- _EXERCISE BRIEF_
Leave the pictures out and write out exactly the lines from the top of the entries through the line containing "arc A2 (1.9212, 233.8505)".
-- Opening Marker --
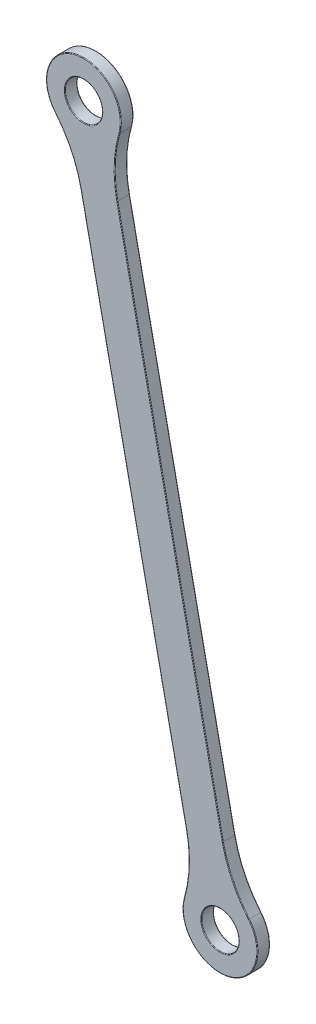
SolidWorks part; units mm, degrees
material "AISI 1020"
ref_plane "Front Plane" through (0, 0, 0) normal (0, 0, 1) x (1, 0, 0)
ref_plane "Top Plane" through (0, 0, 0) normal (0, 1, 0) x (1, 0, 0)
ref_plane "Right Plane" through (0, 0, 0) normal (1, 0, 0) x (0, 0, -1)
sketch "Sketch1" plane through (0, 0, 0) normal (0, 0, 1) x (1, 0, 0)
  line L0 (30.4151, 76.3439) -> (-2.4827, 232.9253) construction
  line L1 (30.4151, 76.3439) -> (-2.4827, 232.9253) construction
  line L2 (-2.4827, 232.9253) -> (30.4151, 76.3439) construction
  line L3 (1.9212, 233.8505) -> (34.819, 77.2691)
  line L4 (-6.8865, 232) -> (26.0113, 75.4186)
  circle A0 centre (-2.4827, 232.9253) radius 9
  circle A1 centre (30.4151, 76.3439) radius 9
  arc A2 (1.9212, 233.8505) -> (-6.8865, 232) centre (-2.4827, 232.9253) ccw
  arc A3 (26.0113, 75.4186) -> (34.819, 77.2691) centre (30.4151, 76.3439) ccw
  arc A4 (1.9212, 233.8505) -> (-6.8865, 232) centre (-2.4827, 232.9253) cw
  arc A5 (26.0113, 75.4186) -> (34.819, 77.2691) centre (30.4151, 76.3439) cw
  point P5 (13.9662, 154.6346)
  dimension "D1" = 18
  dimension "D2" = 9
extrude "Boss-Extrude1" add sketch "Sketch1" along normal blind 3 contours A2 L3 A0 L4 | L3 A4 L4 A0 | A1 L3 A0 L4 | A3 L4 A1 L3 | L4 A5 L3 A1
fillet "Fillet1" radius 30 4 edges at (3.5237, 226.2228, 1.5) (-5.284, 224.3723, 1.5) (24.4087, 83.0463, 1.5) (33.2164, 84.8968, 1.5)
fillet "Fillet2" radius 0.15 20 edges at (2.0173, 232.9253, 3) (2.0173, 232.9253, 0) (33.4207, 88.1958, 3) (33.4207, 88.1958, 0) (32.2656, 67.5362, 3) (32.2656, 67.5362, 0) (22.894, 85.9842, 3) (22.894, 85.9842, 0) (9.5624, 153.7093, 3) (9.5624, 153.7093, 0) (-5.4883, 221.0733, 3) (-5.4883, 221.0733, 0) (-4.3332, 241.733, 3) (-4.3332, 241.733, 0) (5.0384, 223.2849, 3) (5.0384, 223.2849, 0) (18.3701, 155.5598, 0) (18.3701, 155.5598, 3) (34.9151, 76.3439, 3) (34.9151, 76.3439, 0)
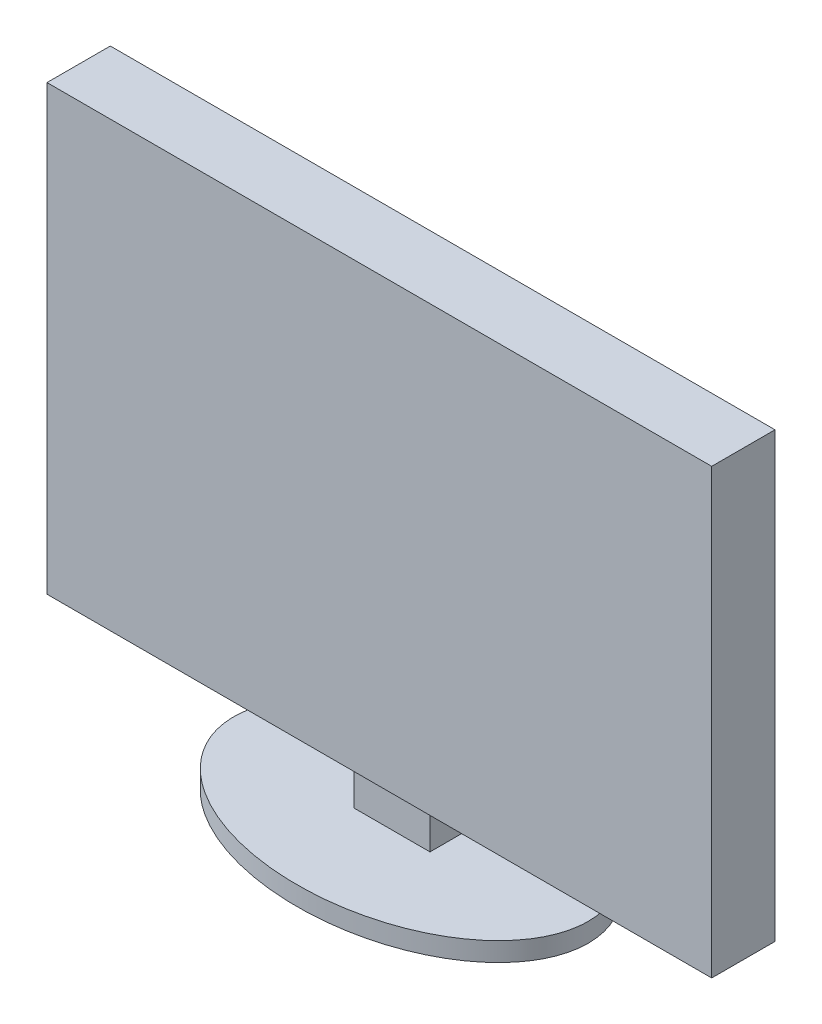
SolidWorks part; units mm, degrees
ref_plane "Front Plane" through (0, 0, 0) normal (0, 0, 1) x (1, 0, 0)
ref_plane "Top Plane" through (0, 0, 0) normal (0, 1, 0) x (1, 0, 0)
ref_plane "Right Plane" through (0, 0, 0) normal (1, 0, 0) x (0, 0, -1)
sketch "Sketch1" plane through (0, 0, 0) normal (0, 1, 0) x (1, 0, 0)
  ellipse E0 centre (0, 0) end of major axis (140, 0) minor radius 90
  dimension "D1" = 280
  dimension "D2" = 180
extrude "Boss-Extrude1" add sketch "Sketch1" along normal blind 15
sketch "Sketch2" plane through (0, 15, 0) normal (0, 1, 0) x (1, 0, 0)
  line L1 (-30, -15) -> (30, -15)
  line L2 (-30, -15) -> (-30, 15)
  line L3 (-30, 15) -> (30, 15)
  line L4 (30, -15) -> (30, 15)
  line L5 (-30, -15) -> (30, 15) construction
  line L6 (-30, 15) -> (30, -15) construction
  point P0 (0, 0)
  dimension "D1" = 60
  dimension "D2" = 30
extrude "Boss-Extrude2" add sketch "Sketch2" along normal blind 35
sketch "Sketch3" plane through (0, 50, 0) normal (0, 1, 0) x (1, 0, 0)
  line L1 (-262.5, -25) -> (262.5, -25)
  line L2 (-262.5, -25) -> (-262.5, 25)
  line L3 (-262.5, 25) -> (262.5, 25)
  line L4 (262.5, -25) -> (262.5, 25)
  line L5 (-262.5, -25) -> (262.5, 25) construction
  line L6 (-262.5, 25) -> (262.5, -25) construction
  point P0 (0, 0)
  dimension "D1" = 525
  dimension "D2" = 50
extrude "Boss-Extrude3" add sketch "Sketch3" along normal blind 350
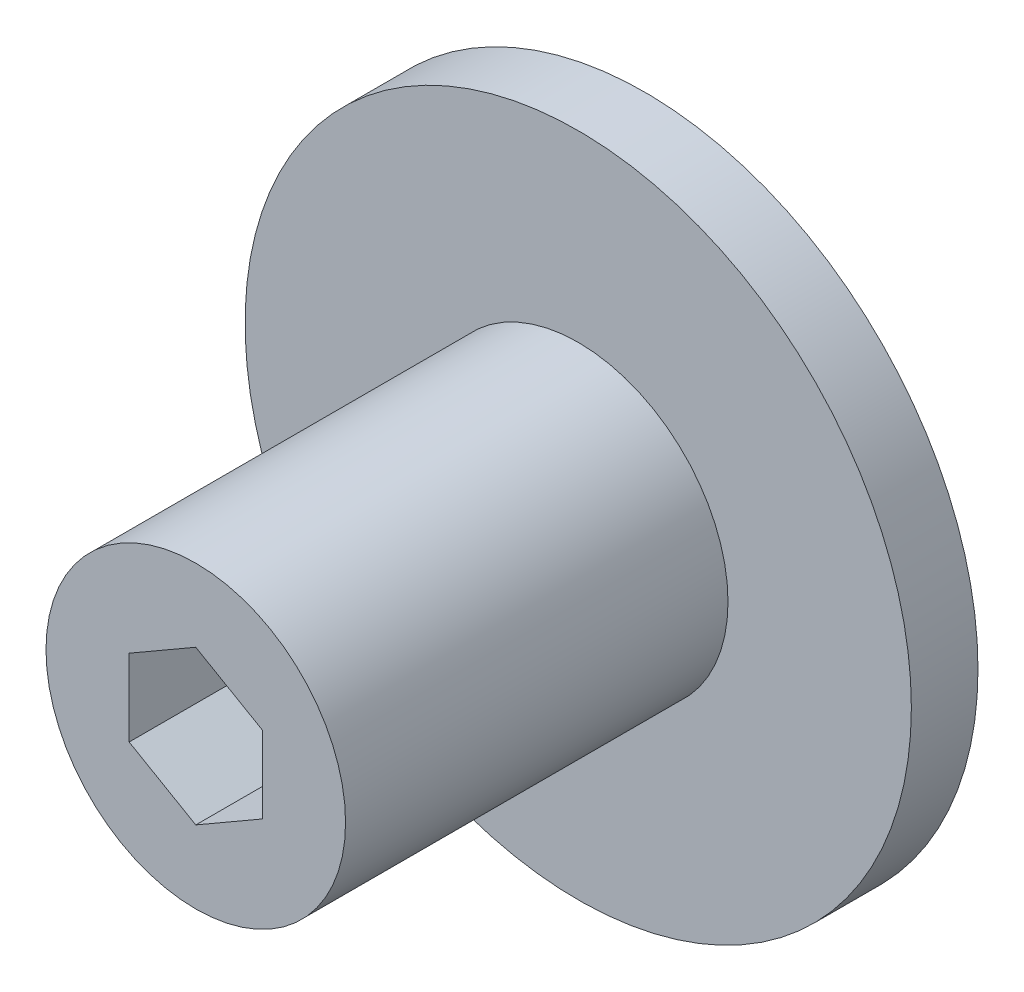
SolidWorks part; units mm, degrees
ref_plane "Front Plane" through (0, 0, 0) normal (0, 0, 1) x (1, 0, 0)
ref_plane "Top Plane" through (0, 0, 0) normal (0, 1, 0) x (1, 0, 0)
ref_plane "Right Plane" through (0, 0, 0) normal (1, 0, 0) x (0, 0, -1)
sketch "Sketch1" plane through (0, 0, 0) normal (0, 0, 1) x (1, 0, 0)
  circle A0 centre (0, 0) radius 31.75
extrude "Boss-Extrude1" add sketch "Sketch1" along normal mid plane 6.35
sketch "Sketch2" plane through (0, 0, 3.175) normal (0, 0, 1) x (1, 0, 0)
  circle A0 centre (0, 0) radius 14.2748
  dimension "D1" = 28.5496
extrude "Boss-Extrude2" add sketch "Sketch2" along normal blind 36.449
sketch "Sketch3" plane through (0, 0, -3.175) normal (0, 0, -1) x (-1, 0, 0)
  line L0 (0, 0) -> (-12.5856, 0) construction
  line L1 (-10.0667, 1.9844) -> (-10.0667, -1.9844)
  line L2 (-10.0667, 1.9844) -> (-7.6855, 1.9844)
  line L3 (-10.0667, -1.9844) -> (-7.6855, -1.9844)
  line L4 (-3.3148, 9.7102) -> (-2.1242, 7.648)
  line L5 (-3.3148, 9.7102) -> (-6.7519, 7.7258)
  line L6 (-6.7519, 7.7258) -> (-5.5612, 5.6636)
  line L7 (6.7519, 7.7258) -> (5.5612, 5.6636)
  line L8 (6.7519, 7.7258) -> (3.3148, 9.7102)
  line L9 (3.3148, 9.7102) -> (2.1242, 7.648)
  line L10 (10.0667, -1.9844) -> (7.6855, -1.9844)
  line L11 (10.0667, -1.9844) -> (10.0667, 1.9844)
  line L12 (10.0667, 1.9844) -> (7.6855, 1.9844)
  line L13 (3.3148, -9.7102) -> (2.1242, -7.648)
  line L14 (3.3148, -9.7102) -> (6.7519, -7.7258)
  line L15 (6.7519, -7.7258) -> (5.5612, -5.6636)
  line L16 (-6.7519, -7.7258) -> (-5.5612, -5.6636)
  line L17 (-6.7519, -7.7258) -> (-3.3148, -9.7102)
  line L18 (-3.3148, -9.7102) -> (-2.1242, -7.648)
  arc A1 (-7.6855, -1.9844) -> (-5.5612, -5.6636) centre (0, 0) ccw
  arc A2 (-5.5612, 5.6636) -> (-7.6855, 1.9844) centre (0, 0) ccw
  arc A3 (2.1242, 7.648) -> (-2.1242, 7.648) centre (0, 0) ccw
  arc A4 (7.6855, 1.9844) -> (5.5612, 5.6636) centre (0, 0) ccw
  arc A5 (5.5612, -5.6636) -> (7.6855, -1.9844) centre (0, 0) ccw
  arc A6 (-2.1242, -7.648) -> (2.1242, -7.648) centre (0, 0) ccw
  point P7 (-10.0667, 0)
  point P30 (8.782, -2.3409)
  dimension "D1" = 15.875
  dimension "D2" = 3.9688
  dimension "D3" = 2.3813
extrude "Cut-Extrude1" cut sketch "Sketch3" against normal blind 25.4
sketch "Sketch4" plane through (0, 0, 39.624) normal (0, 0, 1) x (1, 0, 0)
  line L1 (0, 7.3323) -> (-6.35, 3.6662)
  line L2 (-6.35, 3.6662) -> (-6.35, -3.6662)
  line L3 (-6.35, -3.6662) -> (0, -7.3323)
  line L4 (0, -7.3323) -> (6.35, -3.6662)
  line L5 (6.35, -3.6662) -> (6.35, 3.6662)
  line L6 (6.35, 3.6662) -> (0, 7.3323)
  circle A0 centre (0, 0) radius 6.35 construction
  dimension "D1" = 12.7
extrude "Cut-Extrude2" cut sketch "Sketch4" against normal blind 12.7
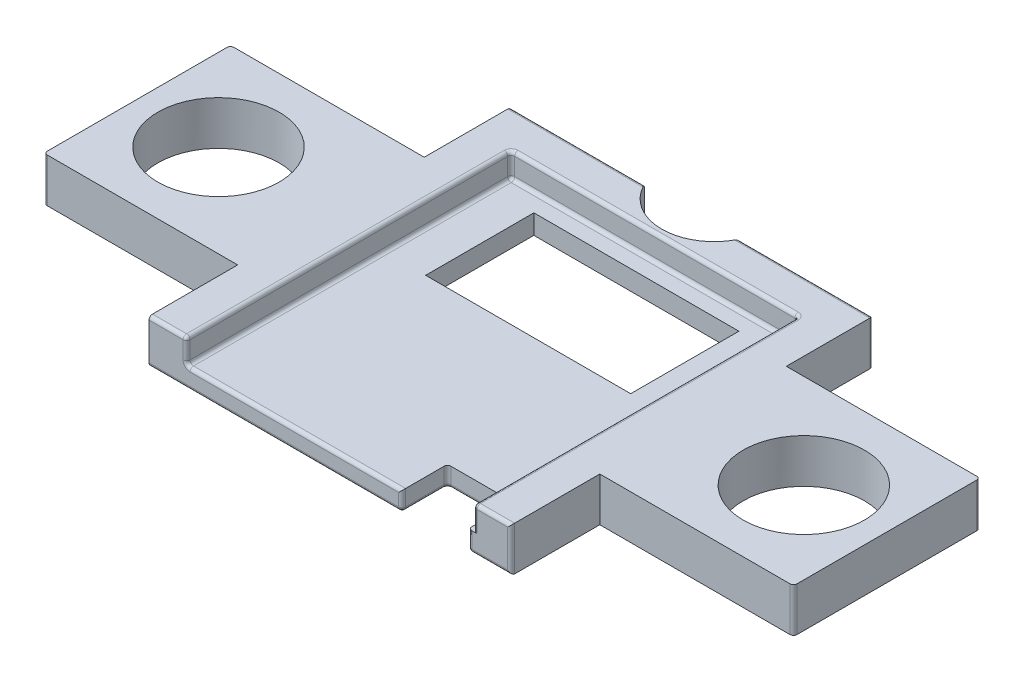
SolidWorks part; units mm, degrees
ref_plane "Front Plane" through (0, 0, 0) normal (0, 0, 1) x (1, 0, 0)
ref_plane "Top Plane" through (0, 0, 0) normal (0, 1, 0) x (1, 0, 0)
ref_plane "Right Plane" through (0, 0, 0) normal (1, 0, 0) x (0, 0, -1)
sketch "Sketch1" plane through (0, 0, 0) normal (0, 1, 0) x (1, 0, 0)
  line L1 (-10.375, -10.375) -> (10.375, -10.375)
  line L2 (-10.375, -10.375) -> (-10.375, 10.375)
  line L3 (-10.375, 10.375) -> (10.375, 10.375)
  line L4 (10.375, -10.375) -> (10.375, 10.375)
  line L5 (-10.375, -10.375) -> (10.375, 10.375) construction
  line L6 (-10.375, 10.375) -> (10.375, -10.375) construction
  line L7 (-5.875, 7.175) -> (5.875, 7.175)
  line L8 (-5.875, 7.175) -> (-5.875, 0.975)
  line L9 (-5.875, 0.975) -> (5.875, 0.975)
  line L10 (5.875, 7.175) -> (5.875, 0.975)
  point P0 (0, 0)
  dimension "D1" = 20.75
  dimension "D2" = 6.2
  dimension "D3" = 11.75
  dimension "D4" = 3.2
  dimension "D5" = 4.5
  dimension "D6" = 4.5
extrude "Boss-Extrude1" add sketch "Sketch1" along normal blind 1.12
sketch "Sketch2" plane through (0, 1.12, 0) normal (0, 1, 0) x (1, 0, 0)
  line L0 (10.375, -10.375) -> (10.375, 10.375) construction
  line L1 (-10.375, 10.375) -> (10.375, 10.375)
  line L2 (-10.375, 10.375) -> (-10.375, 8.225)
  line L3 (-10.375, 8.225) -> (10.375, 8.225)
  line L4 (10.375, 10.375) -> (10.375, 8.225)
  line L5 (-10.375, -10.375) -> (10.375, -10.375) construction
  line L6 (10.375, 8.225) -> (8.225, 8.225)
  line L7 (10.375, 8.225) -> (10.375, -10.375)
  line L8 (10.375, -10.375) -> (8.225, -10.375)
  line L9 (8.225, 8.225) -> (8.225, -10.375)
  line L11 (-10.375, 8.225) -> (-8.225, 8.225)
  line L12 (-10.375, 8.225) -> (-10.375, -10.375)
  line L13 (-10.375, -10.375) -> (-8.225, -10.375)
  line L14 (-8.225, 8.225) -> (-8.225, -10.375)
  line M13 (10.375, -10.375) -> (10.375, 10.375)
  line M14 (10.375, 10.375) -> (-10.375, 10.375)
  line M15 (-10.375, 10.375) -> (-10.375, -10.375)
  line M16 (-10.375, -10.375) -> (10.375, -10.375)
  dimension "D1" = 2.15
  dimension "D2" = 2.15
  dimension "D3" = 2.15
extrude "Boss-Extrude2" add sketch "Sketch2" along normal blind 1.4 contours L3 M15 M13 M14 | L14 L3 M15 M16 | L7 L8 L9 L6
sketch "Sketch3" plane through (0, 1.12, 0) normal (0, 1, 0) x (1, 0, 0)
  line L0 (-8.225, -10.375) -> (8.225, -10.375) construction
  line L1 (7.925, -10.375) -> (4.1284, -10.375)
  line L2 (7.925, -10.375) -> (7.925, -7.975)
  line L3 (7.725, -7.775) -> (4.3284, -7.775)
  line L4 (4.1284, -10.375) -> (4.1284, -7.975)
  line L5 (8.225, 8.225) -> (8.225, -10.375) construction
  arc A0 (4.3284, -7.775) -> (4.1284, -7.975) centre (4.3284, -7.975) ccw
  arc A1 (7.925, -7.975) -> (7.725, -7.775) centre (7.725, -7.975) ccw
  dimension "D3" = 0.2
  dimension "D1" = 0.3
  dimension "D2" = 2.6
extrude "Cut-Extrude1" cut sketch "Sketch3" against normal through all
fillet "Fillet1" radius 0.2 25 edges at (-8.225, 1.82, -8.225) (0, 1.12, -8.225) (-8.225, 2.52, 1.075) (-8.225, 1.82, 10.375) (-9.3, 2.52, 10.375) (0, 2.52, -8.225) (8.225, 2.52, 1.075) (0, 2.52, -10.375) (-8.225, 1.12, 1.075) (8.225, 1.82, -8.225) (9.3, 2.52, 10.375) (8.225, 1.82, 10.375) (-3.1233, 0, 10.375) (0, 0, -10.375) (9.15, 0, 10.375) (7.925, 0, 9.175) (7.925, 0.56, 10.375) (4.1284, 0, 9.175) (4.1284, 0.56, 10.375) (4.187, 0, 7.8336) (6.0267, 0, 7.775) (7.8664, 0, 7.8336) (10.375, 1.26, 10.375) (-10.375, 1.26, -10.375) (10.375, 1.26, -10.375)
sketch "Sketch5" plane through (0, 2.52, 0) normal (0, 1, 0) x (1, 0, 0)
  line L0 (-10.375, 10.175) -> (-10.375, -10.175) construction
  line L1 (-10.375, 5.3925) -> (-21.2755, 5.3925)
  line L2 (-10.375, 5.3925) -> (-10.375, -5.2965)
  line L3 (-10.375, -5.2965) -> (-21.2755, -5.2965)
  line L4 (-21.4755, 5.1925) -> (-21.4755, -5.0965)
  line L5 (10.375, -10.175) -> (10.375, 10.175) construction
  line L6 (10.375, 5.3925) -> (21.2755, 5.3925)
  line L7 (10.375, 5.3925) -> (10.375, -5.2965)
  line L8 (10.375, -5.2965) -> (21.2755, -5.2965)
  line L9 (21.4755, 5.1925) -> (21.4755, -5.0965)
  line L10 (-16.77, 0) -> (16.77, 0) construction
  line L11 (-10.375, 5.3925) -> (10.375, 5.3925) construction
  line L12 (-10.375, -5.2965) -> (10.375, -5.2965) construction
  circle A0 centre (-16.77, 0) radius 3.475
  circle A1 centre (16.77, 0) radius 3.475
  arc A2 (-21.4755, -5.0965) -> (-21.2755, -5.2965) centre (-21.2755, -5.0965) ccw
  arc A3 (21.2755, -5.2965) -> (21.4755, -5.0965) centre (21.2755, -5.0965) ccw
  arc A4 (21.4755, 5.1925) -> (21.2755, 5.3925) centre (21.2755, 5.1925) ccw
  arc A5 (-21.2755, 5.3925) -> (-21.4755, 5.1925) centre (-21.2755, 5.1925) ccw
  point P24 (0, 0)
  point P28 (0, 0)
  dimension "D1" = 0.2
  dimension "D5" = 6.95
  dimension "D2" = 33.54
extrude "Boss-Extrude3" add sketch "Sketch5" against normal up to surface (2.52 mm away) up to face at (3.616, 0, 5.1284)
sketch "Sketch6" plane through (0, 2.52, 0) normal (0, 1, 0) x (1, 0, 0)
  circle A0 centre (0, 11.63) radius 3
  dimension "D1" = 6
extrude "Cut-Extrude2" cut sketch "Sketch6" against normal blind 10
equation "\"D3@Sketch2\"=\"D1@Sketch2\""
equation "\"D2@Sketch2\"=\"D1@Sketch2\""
-- Closing Marker --
- _TASK SOLUTION_
SolidWorks part; units mm, degrees
material "AISI 1020"
ref_plane "Front Plane" through (0, 0, 0) normal (0, 0, 1) x (1, 0, 0)
ref_plane "Top Plane" through (0, 0, 0) normal (0, 1, 0) x (1, 0, 0)
ref_plane "Right Plane" through (0, 0, 0) normal (1, 0, 0) x (0, 0, -1)
sketch "Sketch1" plane through (0, 0, 0) normal (0, 0, 1) x (1, 0, 0)
  line L0 (30.4151, 76.3439) -> (-2.4827, 232.9253) construction
  line L1 (30.4151, 76.3439) -> (-2.4827, 232.9253) construction
  line L2 (-2.4827, 232.9253) -> (30.4151, 76.3439) construction
  line L3 (1.9212, 233.8505) -> (34.819, 77.2691)
  line L4 (-6.8865, 232) -> (26.0113, 75.4186)
  circle A0 centre (-2.4827, 232.9253) radius 9
  circle A1 centre (30.4151, 76.3439) radius 9
  arc A2 (1.9212, 233.8505) -> (-6.8865, 232) centre (-2.4827, 232.9253) ccw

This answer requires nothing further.